**TASK DESCRIPTION:**
Your answer should consist of every line from the records that holds the string "units".

Top of PROVIDED DATA

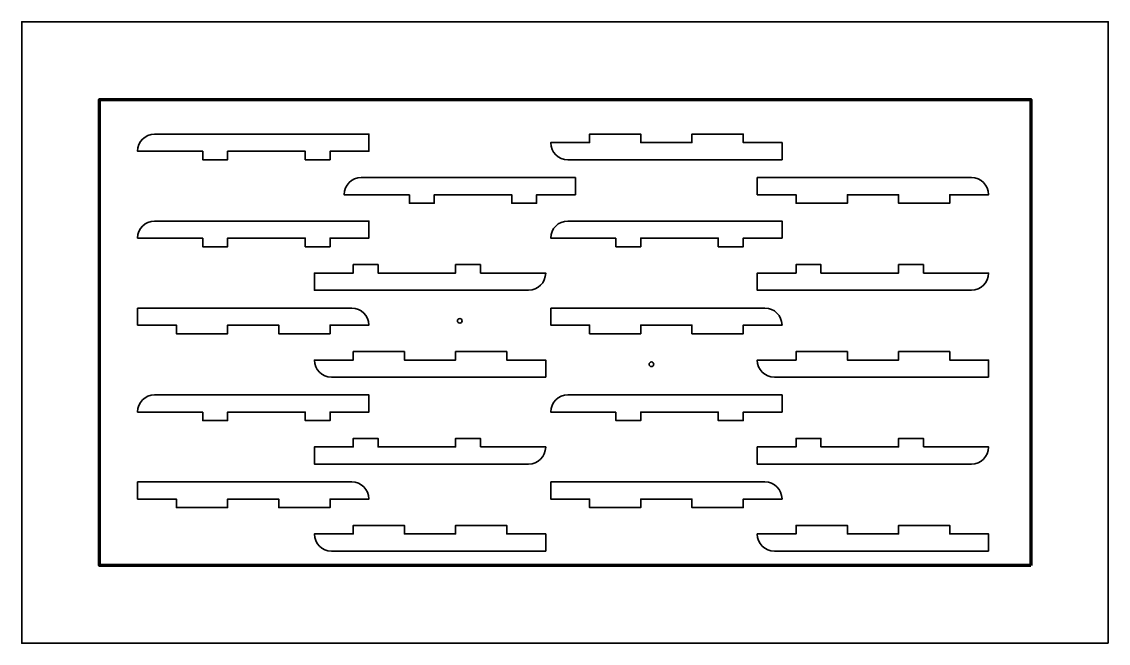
# Model space of a CAD drawing. Header units: millimetres. Extents: x 0 to 700, y 0 to 400.
import ezdxf

# ---------------------------------------------------------------- set-up
doc = ezdxf.new("R2010")
doc.units = ezdxf.units.MM
doc.header["$MEASUREMENT"] = 0
doc.layers.add('Layer 1', color=7, linetype='Continuous')

# ---------------------------------------------------------------- blocks, each defined once
blk = doc.blocks.new('block 2')
at = {"layer": 'Layer 1', "color": 22, "lineweight": 35, "true_color": 0xe42420}
blk.add_open_spline([(337.51, 59.54), (337.51, 59.54), (337.51, 70.54), (337.51, 70.54), (337.51, 70.54), (312.48, 70.54), (312.48, 70.54), (312.48, 70.54), (312.48, 76.04), (312.48, 76.04), (312.48, 76.04), (295.48, 76.04), (295.48, 76.04), (295.48, 76.04), (279.48, 76.04), (279.48, 76.04), (279.48, 76.04), (279.48, 70.54), (279.48, 70.54), (279.48, 70.54), (246.51, 70.54), (246.51, 70.54), (246.51, 70.54), (246.51, 76.04), (246.51, 76.04), (246.51, 76.04), (229.51, 76.04), (229.51, 76.04), (229.51, 76.04), (213.51, 76.04), (213.51, 76.04), (213.51, 76.04), (213.51, 70.54), (213.51, 70.54), (213.51, 70.54), (188.48, 70.54), (188.48, 70.54), (188.48, 70.54), (188.48, 70.52), (188.48, 70.52), (188.48, 70.51), (188.48, 70.5), (188.48, 70.49), (188.51, 64.44), (193.42, 59.54), (199.48, 59.54), (199.48, 59.54), (315.51, 59.54), (315.51, 59.54), (315.51, 59.54), (337.51, 59.54), (337.51, 59.54)], degree=3, knots=[0, 0, 0, 0, 1, 1, 1, 2, 2, 2, 3, 3, 3, 4, 4, 4, 5, 5, 5, 6, 6, 6, 7, 7, 7, 8, 8, 8, 9, 9, 9, 10, 10, 10, 11, 11, 11, 12, 12, 12, 13, 13, 13, 14, 14, 14, 15, 15, 15, 16, 16, 16, 17, 17, 17, 17], dxfattribs=at)
blk = doc.blocks.new('block 3')
at = {"layer": 'Layer 1', "color": 22, "lineweight": 35, "true_color": 0xe42420}
blk.add_open_spline([(74.57, 104.03), (74.57, 104.03), (74.57, 93.03), (74.57, 93.03), (74.57, 93.03), (99.6, 93.03), (99.6, 93.03), (99.6, 93.03), (99.6, 87.53), (99.6, 87.53), (99.6, 87.53), (116.6, 87.53), (116.6, 87.53), (116.6, 87.53), (132.6, 87.53), (132.6, 87.53), (132.6, 87.53), (132.6, 93.03), (132.6, 93.03), (132.6, 93.03), (165.57, 93.03), (165.57, 93.03), (165.57, 93.03), (165.57, 87.53), (165.57, 87.53), (165.57, 87.53), (182.57, 87.53), (182.57, 87.53), (182.57, 87.53), (198.57, 87.53), (198.57, 87.53), (198.57, 87.53), (198.57, 93.03), (198.57, 93.03), (198.57, 93.03), (223.6, 93.03), (223.6, 93.03), (223.6, 93.03), (223.6, 93.05), (223.6, 93.05), (223.6, 93.06), (223.59, 93.07), (223.59, 93.08), (223.57, 99.13), (218.65, 104.03), (212.6, 104.03), (212.6, 104.03), (96.57, 104.03), (96.57, 104.03), (96.57, 104.03), (74.57, 104.03), (74.57, 104.03)], degree=3, knots=[0, 0, 0, 0, 1, 1, 1, 2, 2, 2, 3, 3, 3, 4, 4, 4, 5, 5, 5, 6, 6, 6, 7, 7, 7, 8, 8, 8, 9, 9, 9, 10, 10, 10, 11, 11, 11, 12, 12, 12, 13, 13, 13, 14, 14, 14, 15, 15, 15, 16, 16, 16, 17, 17, 17, 17], dxfattribs=at)
blk = doc.blocks.new('block 4')
at = {"layer": 'Layer 1', "color": 22, "lineweight": 35, "true_color": 0xe42420}
blk.add_open_spline([(116.6, 148.99), (116.6, 148.99), (116.6, 143.49), (116.6, 143.49), (116.6, 143.49), (132.6, 143.49), (132.6, 143.49), (132.6, 143.49), (132.6, 148.99), (132.6, 148.99), (132.6, 148.99), (182.57, 148.99), (182.57, 148.99), (182.57, 148.99), (182.57, 143.49), (182.57, 143.49), (182.57, 143.49), (198.57, 143.49), (198.57, 143.49), (198.57, 143.49), (198.57, 148.99), (198.57, 148.99), (198.57, 148.99), (223.6, 148.99), (223.6, 148.99), (223.6, 148.99), (223.6, 159.99), (223.6, 159.99), (223.6, 159.99), (201.6, 159.99), (201.6, 159.99), (201.6, 159.99), (85.57, 159.99), (85.57, 159.99), (79.51, 159.99), (74.6, 155.09), (74.57, 149.04), (74.57, 149.03), (74.57, 149.02), (74.57, 149.01), (74.57, 149.01), (74.57, 148.99), (74.57, 148.99), (74.57, 148.99), (116.6, 148.99), (116.6, 148.99)], degree=3, knots=[0, 0, 0, 0, 1, 1, 1, 2, 2, 2, 3, 3, 3, 4, 4, 4, 5, 5, 5, 6, 6, 6, 7, 7, 7, 8, 8, 8, 9, 9, 9, 10, 10, 10, 11, 11, 11, 12, 12, 12, 13, 13, 13, 14, 14, 14, 15, 15, 15, 15], dxfattribs=at)
blk = doc.blocks.new('block 5')
at = {"layer": 'Layer 1', "color": 22, "lineweight": 35, "true_color": 0xe42420}
blk.add_open_spline([(295.48, 126.51), (295.48, 126.51), (295.48, 132.01), (295.48, 132.01), (295.48, 132.01), (279.48, 132.01), (279.48, 132.01), (279.48, 132.01), (279.48, 126.51), (279.48, 126.51), (279.48, 126.51), (229.51, 126.51), (229.51, 126.51), (229.51, 126.51), (229.51, 132.01), (229.51, 132.01), (229.51, 132.01), (213.51, 132.01), (213.51, 132.01), (213.51, 132.01), (213.51, 126.51), (213.51, 126.51), (213.51, 126.51), (188.48, 126.51), (188.48, 126.51), (188.48, 126.51), (188.48, 115.51), (188.48, 115.51), (188.48, 115.51), (210.48, 115.51), (210.48, 115.51), (210.48, 115.51), (326.51, 115.51), (326.51, 115.51), (332.56, 115.51), (337.48, 120.4), (337.51, 126.45), (337.51, 126.46), (337.51, 126.47), (337.51, 126.48), (337.51, 126.48), (337.51, 126.51), (337.51, 126.51), (337.51, 126.51), (295.48, 126.51), (295.48, 126.51)], degree=3, knots=[0, 0, 0, 0, 1, 1, 1, 2, 2, 2, 3, 3, 3, 4, 4, 4, 5, 5, 5, 6, 6, 6, 7, 7, 7, 8, 8, 8, 9, 9, 9, 10, 10, 10, 11, 11, 11, 12, 12, 12, 13, 13, 13, 14, 14, 14, 15, 15, 15, 15], dxfattribs=at)
blk = doc.blocks.new('block 6')
at = {"layer": 'Layer 1', "color": 22, "lineweight": 35, "true_color": 0xe42420}
blk.add_open_spline([(489.77, 311.38), (489.77, 311.38), (489.77, 322.38), (489.77, 322.38), (489.77, 322.38), (464.74, 322.38), (464.74, 322.38), (464.74, 322.38), (464.74, 327.88), (464.74, 327.88), (464.74, 327.88), (447.74, 327.88), (447.74, 327.88), (447.74, 327.88), (431.73, 327.88), (431.73, 327.88), (431.73, 327.88), (431.73, 322.38), (431.73, 322.38), (431.73, 322.38), (398.77, 322.38), (398.77, 322.38), (398.77, 322.38), (398.77, 327.88), (398.77, 327.88), (398.77, 327.88), (381.77, 327.88), (381.77, 327.88), (381.77, 327.88), (365.77, 327.88), (365.77, 327.88), (365.77, 327.88), (365.77, 322.38), (365.77, 322.38), (365.77, 322.38), (340.74, 322.38), (340.74, 322.38), (340.74, 322.38), (340.74, 322.35), (340.74, 322.35), (340.74, 322.34), (340.74, 322.34), (340.74, 322.33), (340.77, 316.28), (345.68, 311.38), (351.74, 311.38), (351.74, 311.38), (467.77, 311.38), (467.77, 311.38), (467.77, 311.38), (489.77, 311.38), (489.77, 311.38)], degree=3, knots=[0, 0, 0, 0, 1, 1, 1, 2, 2, 2, 3, 3, 3, 4, 4, 4, 5, 5, 5, 6, 6, 6, 7, 7, 7, 8, 8, 8, 9, 9, 9, 10, 10, 10, 11, 11, 11, 12, 12, 12, 13, 13, 13, 14, 14, 14, 15, 15, 15, 16, 16, 16, 17, 17, 17, 17], dxfattribs=at)
blk = doc.blocks.new('block 7')
at = {"layer": 'Layer 1', "color": 22, "lineweight": 35, "true_color": 0xe42420}
blk.add_open_spline([(473.82, 299.9), (473.82, 299.9), (473.82, 288.9), (473.82, 288.9), (473.82, 288.9), (498.85, 288.9), (498.85, 288.9), (498.85, 288.9), (498.85, 283.4), (498.85, 283.4), (498.85, 283.4), (515.85, 283.4), (515.85, 283.4), (515.85, 283.4), (531.85, 283.4), (531.85, 283.4), (531.85, 283.4), (531.85, 288.9), (531.85, 288.9), (531.85, 288.9), (564.82, 288.9), (564.82, 288.9), (564.82, 288.9), (564.82, 283.4), (564.82, 283.4), (564.82, 283.4), (581.82, 283.4), (581.82, 283.4), (581.82, 283.4), (597.82, 283.4), (597.82, 283.4), (597.82, 283.4), (597.82, 288.9), (597.82, 288.9), (597.82, 288.9), (622.85, 288.9), (622.85, 288.9), (622.85, 288.9), (622.85, 288.92), (622.85, 288.92), (622.85, 288.93), (622.85, 288.94), (622.85, 288.95), (622.82, 295), (617.91, 299.9), (611.85, 299.9), (611.85, 299.9), (495.82, 299.9), (495.82, 299.9), (495.82, 299.9), (473.82, 299.9), (473.82, 299.9)], degree=3, knots=[0, 0, 0, 0, 1, 1, 1, 2, 2, 2, 3, 3, 3, 4, 4, 4, 5, 5, 5, 6, 6, 6, 7, 7, 7, 8, 8, 8, 9, 9, 9, 10, 10, 10, 11, 11, 11, 12, 12, 12, 13, 13, 13, 14, 14, 14, 15, 15, 15, 16, 16, 16, 17, 17, 17, 17], dxfattribs=at)
blk = doc.blocks.new('block 8')
at = {"layer": 'Layer 1', "color": 22, "lineweight": 35, "true_color": 0xe42420}
blk.add_open_spline([(622.85, 59.54), (622.85, 59.54), (622.85, 70.54), (622.85, 70.54), (622.85, 70.54), (597.82, 70.54), (597.82, 70.54), (597.82, 70.54), (597.82, 76.04), (597.82, 76.04), (597.82, 76.04), (580.82, 76.04), (580.82, 76.04), (580.82, 76.04), (564.82, 76.04), (564.82, 76.04), (564.82, 76.04), (564.82, 70.54), (564.82, 70.54), (564.82, 70.54), (531.85, 70.54), (531.85, 70.54), (531.85, 70.54), (531.85, 76.04), (531.85, 76.04), (531.85, 76.04), (514.85, 76.04), (514.85, 76.04), (514.85, 76.04), (498.85, 76.04), (498.85, 76.04), (498.85, 76.04), (498.85, 70.54), (498.85, 70.54), (498.85, 70.54), (473.82, 70.54), (473.82, 70.54), (473.82, 70.54), (473.82, 70.52), (473.82, 70.52), (473.82, 70.51), (473.82, 70.5), (473.82, 70.49), (473.85, 64.44), (478.76, 59.54), (484.82, 59.54), (484.82, 59.54), (600.85, 59.54), (600.85, 59.54), (600.85, 59.54), (622.85, 59.54), (622.85, 59.54)], degree=3, knots=[0, 0, 0, 0, 1, 1, 1, 2, 2, 2, 3, 3, 3, 4, 4, 4, 5, 5, 5, 6, 6, 6, 7, 7, 7, 8, 8, 8, 9, 9, 9, 10, 10, 10, 11, 11, 11, 12, 12, 12, 13, 13, 13, 14, 14, 14, 15, 15, 15, 16, 16, 16, 17, 17, 17, 17], dxfattribs=at)
blk = doc.blocks.new('block 9')
at = {"layer": 'Layer 1', "color": 22, "lineweight": 35, "true_color": 0xe42420}
blk.add_open_spline([(340.74, 104.03), (340.74, 104.03), (340.74, 93.03), (340.74, 93.03), (340.74, 93.03), (365.77, 93.03), (365.77, 93.03), (365.77, 93.03), (365.77, 87.53), (365.77, 87.53), (365.77, 87.53), (382.77, 87.53), (382.77, 87.53), (382.77, 87.53), (398.77, 87.53), (398.77, 87.53), (398.77, 87.53), (398.77, 93.03), (398.77, 93.03), (398.77, 93.03), (431.74, 93.03), (431.74, 93.03), (431.74, 93.03), (431.74, 87.53), (431.74, 87.53), (431.74, 87.53), (448.74, 87.53), (448.74, 87.53), (448.74, 87.53), (464.74, 87.53), (464.74, 87.53), (464.74, 87.53), (464.74, 93.03), (464.74, 93.03), (464.74, 93.03), (489.77, 93.03), (489.77, 93.03), (489.77, 93.03), (489.77, 93.05), (489.77, 93.05), (489.77, 93.06), (489.76, 93.07), (489.76, 93.08), (489.74, 99.13), (484.82, 104.03), (478.77, 104.03), (478.77, 104.03), (362.74, 104.03), (362.74, 104.03), (362.74, 104.03), (340.74, 104.03), (340.74, 104.03)], degree=3, knots=[0, 0, 0, 0, 1, 1, 1, 2, 2, 2, 3, 3, 3, 4, 4, 4, 5, 5, 5, 6, 6, 6, 7, 7, 7, 8, 8, 8, 9, 9, 9, 10, 10, 10, 11, 11, 11, 12, 12, 12, 13, 13, 13, 14, 14, 14, 15, 15, 15, 16, 16, 16, 17, 17, 17, 17], dxfattribs=at)
blk = doc.blocks.new('block 10')
at = {"layer": 'Layer 1', "color": 22, "lineweight": 35, "true_color": 0xe42420}
blk.add_open_spline([(382.77, 148.99), (382.77, 148.99), (382.77, 143.49), (382.77, 143.49), (382.77, 143.49), (398.77, 143.49), (398.77, 143.49), (398.77, 143.49), (398.77, 148.99), (398.77, 148.99), (398.77, 148.99), (448.73, 148.99), (448.73, 148.99), (448.73, 148.99), (448.73, 143.49), (448.73, 143.49), (448.73, 143.49), (464.74, 143.49), (464.74, 143.49), (464.74, 143.49), (464.74, 148.99), (464.74, 148.99), (464.74, 148.99), (489.77, 148.99), (489.77, 148.99), (489.77, 148.99), (489.77, 159.99), (489.77, 159.99), (489.77, 159.99), (467.77, 159.99), (467.77, 159.99), (467.77, 159.99), (351.74, 159.99), (351.74, 159.99), (345.68, 159.99), (340.77, 155.09), (340.74, 149.04), (340.74, 149.03), (340.74, 149.02), (340.74, 149.01), (340.74, 149.01), (340.74, 148.99), (340.74, 148.99), (340.74, 148.99), (382.77, 148.99), (382.77, 148.99)], degree=3, knots=[0, 0, 0, 0, 1, 1, 1, 2, 2, 2, 3, 3, 3, 4, 4, 4, 5, 5, 5, 6, 6, 6, 7, 7, 7, 8, 8, 8, 9, 9, 9, 10, 10, 10, 11, 11, 11, 12, 12, 12, 13, 13, 13, 14, 14, 14, 15, 15, 15, 15], dxfattribs=at)
blk = doc.blocks.new('block 11')
at = {"layer": 'Layer 1', "color": 22, "lineweight": 35, "true_color": 0xe42420}
blk.add_open_spline([(580.82, 126.51), (580.82, 126.51), (580.82, 132.01), (580.82, 132.01), (580.82, 132.01), (564.82, 132.01), (564.82, 132.01), (564.82, 132.01), (564.82, 126.51), (564.82, 126.51), (564.82, 126.51), (514.85, 126.51), (514.85, 126.51), (514.85, 126.51), (514.85, 132.01), (514.85, 132.01), (514.85, 132.01), (498.85, 132.01), (498.85, 132.01), (498.85, 132.01), (498.85, 126.51), (498.85, 126.51), (498.85, 126.51), (473.82, 126.51), (473.82, 126.51), (473.82, 126.51), (473.82, 115.51), (473.82, 115.51), (473.82, 115.51), (495.82, 115.51), (495.82, 115.51), (495.82, 115.51), (611.85, 115.51), (611.85, 115.51), (617.91, 115.51), (622.82, 120.4), (622.85, 126.45), (622.85, 126.46), (622.85, 126.47), (622.85, 126.48), (622.85, 126.48), (622.85, 126.51), (622.85, 126.51), (622.85, 126.51), (580.82, 126.51), (580.82, 126.51)], degree=3, knots=[0, 0, 0, 0, 1, 1, 1, 2, 2, 2, 3, 3, 3, 4, 4, 4, 5, 5, 5, 6, 6, 6, 7, 7, 7, 8, 8, 8, 9, 9, 9, 10, 10, 10, 11, 11, 11, 12, 12, 12, 13, 13, 13, 14, 14, 14, 15, 15, 15, 15], dxfattribs=at)
blk = doc.blocks.new('block 12')
at = {"layer": 'Layer 1', "color": 22, "lineweight": 35, "true_color": 0xe42420}
blk.add_open_spline([(337.51, 171.47), (337.51, 171.47), (337.51, 182.47), (337.51, 182.47), (337.51, 182.47), (312.48, 182.47), (312.48, 182.47), (312.48, 182.47), (312.48, 187.97), (312.48, 187.97), (312.48, 187.97), (295.48, 187.97), (295.48, 187.97), (295.48, 187.97), (279.48, 187.97), (279.48, 187.97), (279.48, 187.97), (279.48, 182.47), (279.48, 182.47), (279.48, 182.47), (246.51, 182.47), (246.51, 182.47), (246.51, 182.47), (246.51, 187.97), (246.51, 187.97), (246.51, 187.97), (229.51, 187.97), (229.51, 187.97), (229.51, 187.97), (213.51, 187.97), (213.51, 187.97), (213.51, 187.97), (213.51, 182.47), (213.51, 182.47), (213.51, 182.47), (188.48, 182.47), (188.48, 182.47), (188.48, 182.47), (188.48, 182.45), (188.48, 182.45), (188.48, 182.44), (188.48, 182.43), (188.48, 182.42), (188.51, 176.37), (193.42, 171.47), (199.48, 171.47), (199.48, 171.47), (315.51, 171.47), (315.51, 171.47), (315.51, 171.47), (337.51, 171.47), (337.51, 171.47)], degree=3, knots=[0, 0, 0, 0, 1, 1, 1, 2, 2, 2, 3, 3, 3, 4, 4, 4, 5, 5, 5, 6, 6, 6, 7, 7, 7, 8, 8, 8, 9, 9, 9, 10, 10, 10, 11, 11, 11, 12, 12, 12, 13, 13, 13, 14, 14, 14, 15, 15, 15, 16, 16, 16, 17, 17, 17, 17], dxfattribs=at)
blk = doc.blocks.new('block 13')
at = {"layer": 'Layer 1', "color": 22, "lineweight": 35, "true_color": 0xe42420}
blk.add_open_spline([(622.85, 171.47), (622.85, 171.47), (622.85, 182.47), (622.85, 182.47), (622.85, 182.47), (597.82, 182.47), (597.82, 182.47), (597.82, 182.47), (597.82, 187.97), (597.82, 187.97), (597.82, 187.97), (580.82, 187.97), (580.82, 187.97), (580.82, 187.97), (564.82, 187.97), (564.82, 187.97), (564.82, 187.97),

Bottom of PROVIDED DATA

**SOLUTION BELOW:**
# Model space of a CAD drawing. Header units: millimetres. Extents: x 0 to 700, y 0 to 400.
doc.units = ezdxf.units.MM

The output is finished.